New in GWYRE 2.0
GENERAL
- Data on interactions were collected from IntAct and BioGRID databases. Information on proteins was collected from UniProt.
- AlphaFold2-multimer fold-and-dock models are incorporated into the database instead of the template-based docking models.
- Models and experimental structures are provided also for the non-human protein pairs.
- The web application has been implemented in Python using the Flask web
application framework. The visualization page has been re-implemented with JavaScript using D3.js for the variant viewer
and JSmol for the structure viewer.
EXPERIMENTAL STRUCTURES
- From the Expression tag information extracted from the asymmetric PDB files, the residues associated with those expression tags have been removed from the experimental structure file.
- The remaining residues, which we have termed as the trimmed experimental sequence, have been re-numbered to match the numbering of the corresponding canonical UniProt sequence.
- Sequences shown on the variant panels use the trimmed experimental sequences.
- Chain IDs in the experimental structures are changed to A (larger chain in the pair as determined by the original UniProt sequence) and B (smaller chain in the pair).

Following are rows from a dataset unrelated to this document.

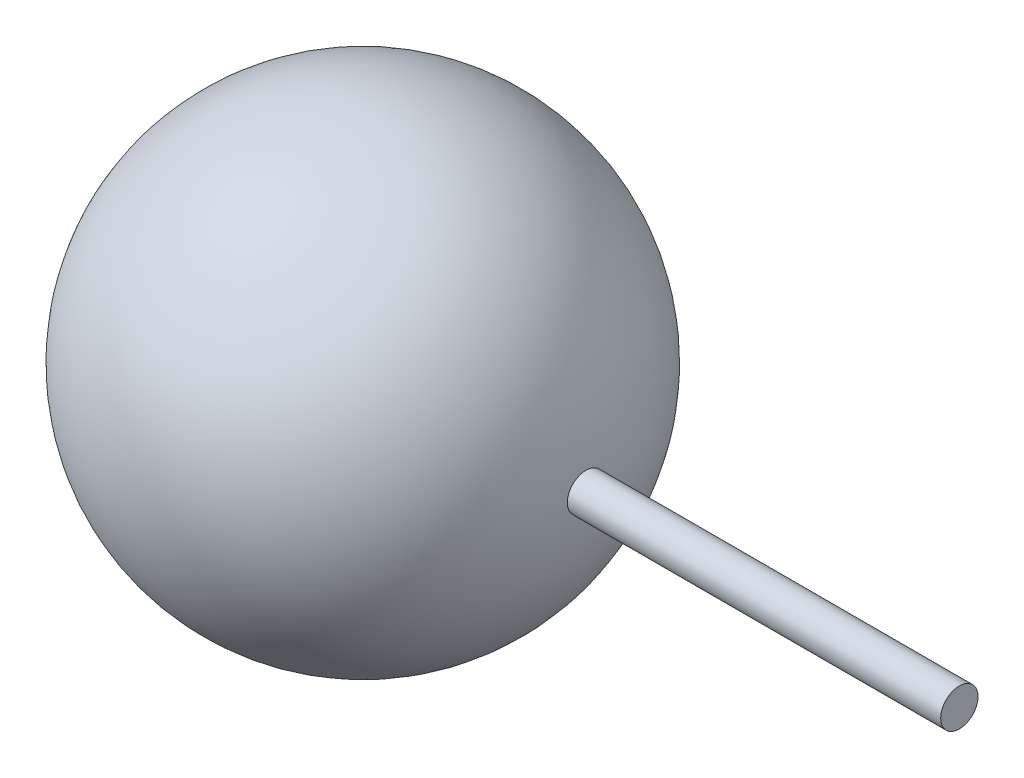
from build123d import *


with BuildPart() as part:
    # Sketch1 → Revolve1 (revolve)
    with BuildSketch(Plane.XY):
        with BuildLine():
            Line((2.989565186, 0.25), (7.989565186, 0.25))
            Line((7.989565186, 0.25), (7.989565186, 0))
            Line((7.989565186, 0), (-3, 0))
            ThreePointArc((-3, 0), (-0.125108838, 2.997390161), (2.989565186, 0.25))
        make_face()
    revolve(axis=Axis((0, 0, 0), (1, 0, 0)))


solid = part.part

- A mapping of the original residue numbering to the numbering in the original UniProt sequence is included in the downloadable files. The mapping includes specifying
the removed and missing residues. In the mmCIF file, a summary of the mapping is included in the REMARKS at the top. The accompanying information file (referenced
in the mmCIF file) contains more specific information about the renumbering changes.
- A mapping of original residue numbering to the numbering in the original UniProt sequence is provided as REMARKS in the downloadable file as well as in a plain text
file included in the download. This includes specifying the removed and missing residues.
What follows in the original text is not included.